A couple of weeks ago, I posted that my hive swarmed. I caught them and started a new hive. Today, the same hive swarmed AGAIN. What am I doing wrong? What do I need to do now? I didn't even try to catch the second swarm. They didn't settle down in our yard anyway. I have the brooder box and a honey super. The super is full of honey. I added another super last week, but they failed to move into it. I was totally surprised that they would swarm twice in such a short period of time. Last week, there were eggs and larva in the old hive so I assumed that the new queen was working out.....What do I do to prevent this? What should I be checking for in the hive?


----------



## indypartridge (Oct 26, 2004)

Callieslamb said:


> A couple of weeks ago, I posted that my hive swarmed. I caught them and started a new hive. Today, the same hive swarmed AGAIN. What am I doing wrong?
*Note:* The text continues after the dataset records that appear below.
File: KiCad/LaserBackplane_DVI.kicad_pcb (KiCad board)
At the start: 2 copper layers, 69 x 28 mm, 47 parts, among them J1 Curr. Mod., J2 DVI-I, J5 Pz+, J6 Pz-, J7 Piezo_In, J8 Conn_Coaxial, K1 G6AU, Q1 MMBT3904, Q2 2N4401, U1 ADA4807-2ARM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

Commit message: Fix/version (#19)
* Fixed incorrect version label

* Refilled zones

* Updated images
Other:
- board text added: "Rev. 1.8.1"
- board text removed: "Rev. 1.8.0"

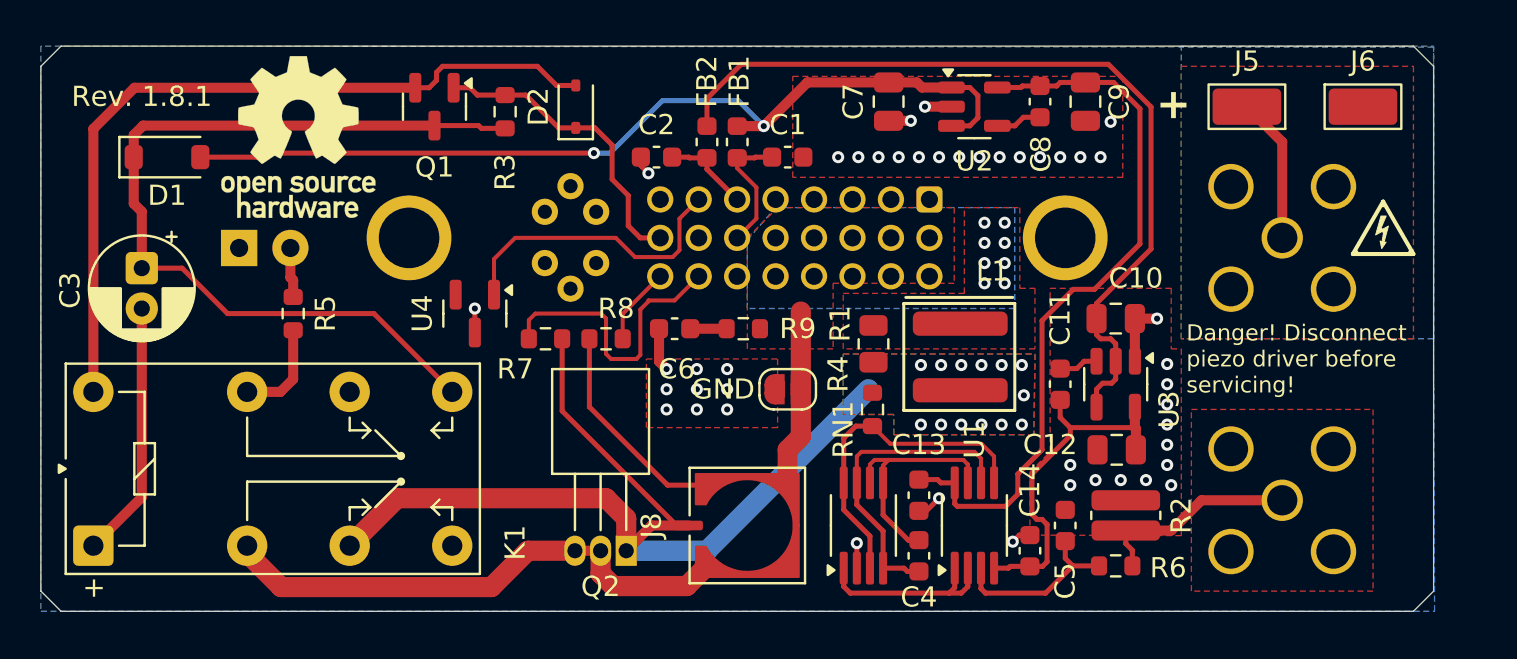
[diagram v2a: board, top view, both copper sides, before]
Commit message: Fixed alignment issues
- Moved the LED D4 up by 0.5 mm to match the DVI connector y position
- Moved the DVI connector 0.005 mm to the right to center it on the PCB
- Updated DVI footprint to center it on pin 14
- Redrawn draces connecting the DVI connector
- Moved piezo labels slight down and away from the edge
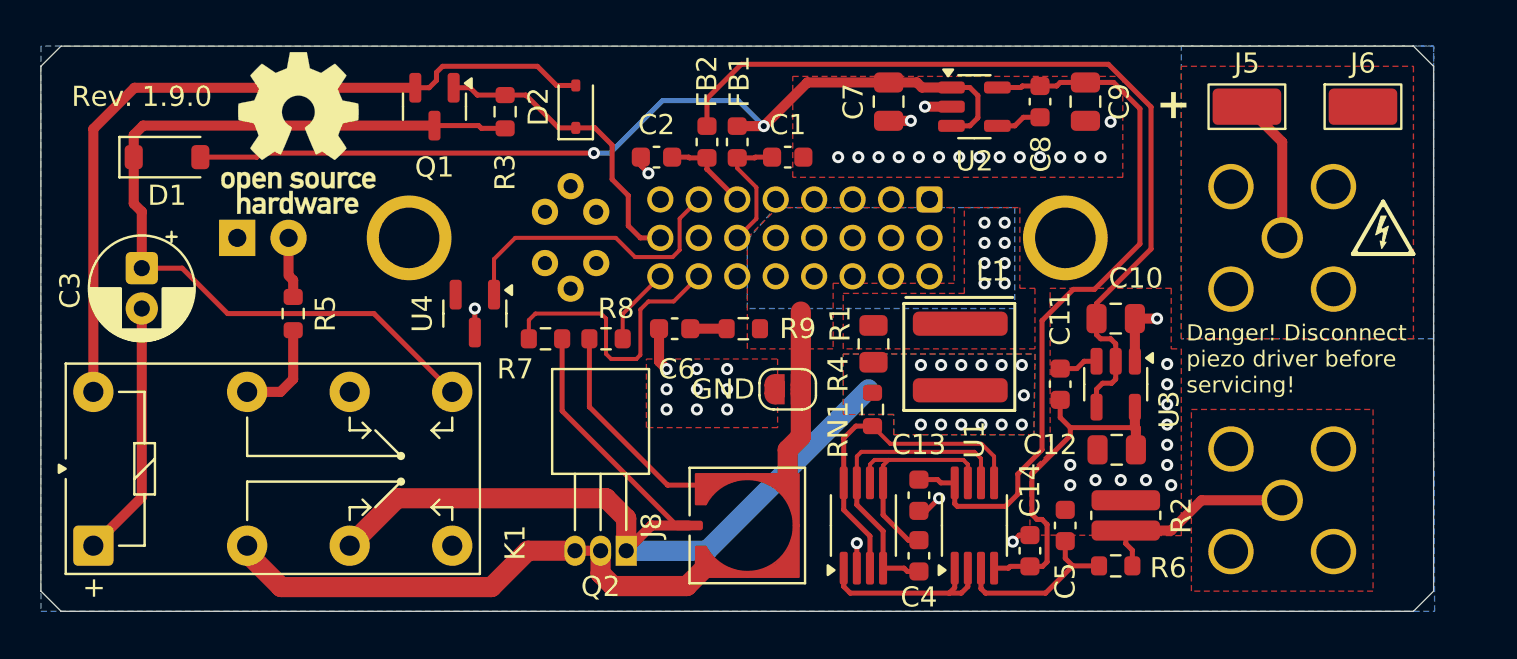
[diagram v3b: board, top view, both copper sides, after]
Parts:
- moved J2 10.7 mm to (124.5, 99.5)
- moved D4 0.51 mm to (99.7, 99.5)
- moved LOGO2 0.20 mm to (102.8, 94.3)
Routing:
- net Net-(J5-Pin_1): track 7.22 -> 2.47 mm
- net Net-(D4-A): track 2.48 -> 3.02 mm
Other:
- board text added: "LaserBackplane v1.9.0 Design: T. Preuschoff, P. Baus Date: 2025-08 https://github.com/TU-Darmstadt-APQ/ Laser_Backplane_DVI"
- board text added: "Rev. 1.9.0"
- board text removed: "LaserBackplane v1.8.1 Design: T. Preuschoff, P. Baus Date: 2025-06 https://github.com/TU-Darmstadt-APQ/ Laser_Backplane_DVI"
- board text removed: "Rev. 1.8.1"

It's called an 'after swarm', and not that unusual. And you may not be doing anything 'wrong'. Swarming is the natural thing for bees to do, and we beekeepers try very hard to keep them from it. Sometimes you can do everything "by the book" to prevent swarming, and they'll swarm anyhow. Obviously, bees don't read the books! If you want to console yourself, remember that swarming is a sign of a healthy hive.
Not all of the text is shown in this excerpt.